Figure 3.

MITF binds to the Hif1a promoter and induces Hif1 α gene expression. (A) Schematic representation of the Hif1a promoter. Black arrow denotes the ubiquitously expressed 1.2 exon (Wenger et al., 1998). Vertical rectangles and the associated numbers represent the several E-boxes found in this promoter fragment and their localization within the sequence. Note that E2 and E7 match perfectly with the previously described MITF binding sequence (CACGTG) (Weilbaecher et al., 1998). (B) Chromatin immunoprecipitations were performed on extracts from nonstimulated (NS) and 5-h forskolin-stimulated (FK) B16 melanoma cells as described in Materials and methods. Immunoprecipitation was performed using a specific anti-MITF antibody and primers spanning the Hif1a or the tyrosinase promoter region were used for the PCR amplification. A control of PCR amplification was performed using mouse genomic DNA, which showed a 300-bp and a 900-bp band corresponding to the amplification of the Hif1a and tyrosinase promoter regions, respectively.
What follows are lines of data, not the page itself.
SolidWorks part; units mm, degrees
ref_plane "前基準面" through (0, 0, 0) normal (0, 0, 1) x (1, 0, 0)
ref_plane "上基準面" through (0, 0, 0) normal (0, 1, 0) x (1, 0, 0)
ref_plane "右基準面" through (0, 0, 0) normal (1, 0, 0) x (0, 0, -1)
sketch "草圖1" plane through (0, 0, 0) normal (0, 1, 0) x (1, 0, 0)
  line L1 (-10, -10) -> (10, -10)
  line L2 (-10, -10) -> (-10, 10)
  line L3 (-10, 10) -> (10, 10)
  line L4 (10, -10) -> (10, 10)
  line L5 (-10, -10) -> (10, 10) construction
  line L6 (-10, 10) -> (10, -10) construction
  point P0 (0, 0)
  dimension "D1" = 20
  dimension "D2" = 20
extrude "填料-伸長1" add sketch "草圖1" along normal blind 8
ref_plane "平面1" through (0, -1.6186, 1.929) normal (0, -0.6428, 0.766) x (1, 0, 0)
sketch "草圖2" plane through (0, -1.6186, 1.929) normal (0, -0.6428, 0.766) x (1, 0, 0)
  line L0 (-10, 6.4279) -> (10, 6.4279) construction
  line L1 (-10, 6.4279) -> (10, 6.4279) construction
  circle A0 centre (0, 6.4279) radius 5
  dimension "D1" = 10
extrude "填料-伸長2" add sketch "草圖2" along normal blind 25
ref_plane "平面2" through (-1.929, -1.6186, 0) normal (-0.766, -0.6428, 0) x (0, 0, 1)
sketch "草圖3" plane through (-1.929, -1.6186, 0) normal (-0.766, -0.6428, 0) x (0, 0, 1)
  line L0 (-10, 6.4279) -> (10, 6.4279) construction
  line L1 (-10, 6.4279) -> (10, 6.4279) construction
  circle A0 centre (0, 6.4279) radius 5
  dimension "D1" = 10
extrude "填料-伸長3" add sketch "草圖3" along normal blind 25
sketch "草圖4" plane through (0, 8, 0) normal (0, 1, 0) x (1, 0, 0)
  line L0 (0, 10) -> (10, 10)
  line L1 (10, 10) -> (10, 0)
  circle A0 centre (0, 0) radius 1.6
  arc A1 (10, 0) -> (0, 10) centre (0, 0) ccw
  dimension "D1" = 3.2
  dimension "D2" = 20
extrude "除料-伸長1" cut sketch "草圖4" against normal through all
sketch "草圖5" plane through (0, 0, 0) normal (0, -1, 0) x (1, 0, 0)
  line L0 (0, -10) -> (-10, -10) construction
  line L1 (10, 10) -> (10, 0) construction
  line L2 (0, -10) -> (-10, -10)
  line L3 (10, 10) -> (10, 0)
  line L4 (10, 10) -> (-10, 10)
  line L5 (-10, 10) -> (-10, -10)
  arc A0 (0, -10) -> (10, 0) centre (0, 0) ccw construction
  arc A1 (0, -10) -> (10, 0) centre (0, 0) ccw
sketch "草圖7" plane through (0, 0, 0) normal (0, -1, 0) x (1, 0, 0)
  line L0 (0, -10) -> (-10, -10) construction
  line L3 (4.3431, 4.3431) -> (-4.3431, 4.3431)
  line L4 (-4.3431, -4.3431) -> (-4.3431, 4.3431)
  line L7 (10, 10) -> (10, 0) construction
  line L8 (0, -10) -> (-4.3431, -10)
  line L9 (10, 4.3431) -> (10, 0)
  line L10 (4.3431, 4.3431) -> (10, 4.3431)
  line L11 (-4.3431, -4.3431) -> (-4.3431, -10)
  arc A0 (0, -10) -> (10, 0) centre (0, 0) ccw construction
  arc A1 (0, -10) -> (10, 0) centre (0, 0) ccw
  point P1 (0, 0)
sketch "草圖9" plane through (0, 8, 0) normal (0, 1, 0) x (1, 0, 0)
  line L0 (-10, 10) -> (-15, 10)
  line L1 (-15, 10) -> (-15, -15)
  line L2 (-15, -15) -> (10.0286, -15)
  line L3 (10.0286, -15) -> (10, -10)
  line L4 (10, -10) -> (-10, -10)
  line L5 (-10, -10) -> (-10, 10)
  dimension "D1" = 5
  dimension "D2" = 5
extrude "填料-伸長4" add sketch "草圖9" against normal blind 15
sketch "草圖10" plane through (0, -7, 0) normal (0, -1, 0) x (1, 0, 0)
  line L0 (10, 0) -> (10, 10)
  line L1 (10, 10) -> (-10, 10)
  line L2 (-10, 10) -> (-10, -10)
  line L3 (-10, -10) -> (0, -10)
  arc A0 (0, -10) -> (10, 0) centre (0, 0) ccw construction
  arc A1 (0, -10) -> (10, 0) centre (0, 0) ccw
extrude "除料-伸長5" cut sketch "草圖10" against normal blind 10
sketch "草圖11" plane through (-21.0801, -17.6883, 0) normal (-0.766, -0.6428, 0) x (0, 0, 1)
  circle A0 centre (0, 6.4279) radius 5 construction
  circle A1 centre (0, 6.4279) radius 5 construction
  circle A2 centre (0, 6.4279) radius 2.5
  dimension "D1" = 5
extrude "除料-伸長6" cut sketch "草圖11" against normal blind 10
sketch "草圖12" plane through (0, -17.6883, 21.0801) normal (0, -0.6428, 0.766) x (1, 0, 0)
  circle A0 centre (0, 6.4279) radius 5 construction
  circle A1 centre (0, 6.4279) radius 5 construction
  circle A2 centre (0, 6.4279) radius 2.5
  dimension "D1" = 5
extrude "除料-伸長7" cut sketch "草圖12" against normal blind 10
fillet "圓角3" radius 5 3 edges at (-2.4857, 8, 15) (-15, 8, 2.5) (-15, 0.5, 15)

Another control was performed using a primer pair to the mouse GAPDH (150-bp amplicon). (C) Hif1a promoter activity after cotransfection of B16 cells with the Hif1a promoter fragment together with an empty plasmid (pcDNA3), a vector encoding MITF transcription factor, and two other constructs encoding USF and MYC. As a control of the promoter activation, cells were stimulated with forskolin (FK). Results are shown as the fold stimulation compared with the basal nonstimulated promoter activity (NS). (D) Real-time quantitative PCR analysis to detect Mitf and Hif1a mRNA levels after infection of Mewo (human melanoma cells) with either an empty adenovirus (Adeno-pCDNA3) or an adenovirus encoding MITF. (E) Hif1a promoter activity after cotransfection of NIH-3T3 fibroblasts with an empty vector (pCDNA3) or a construct encoding MITF. Cells were next stimulated (or not) (NS) with forskolin (FK) for 24 h.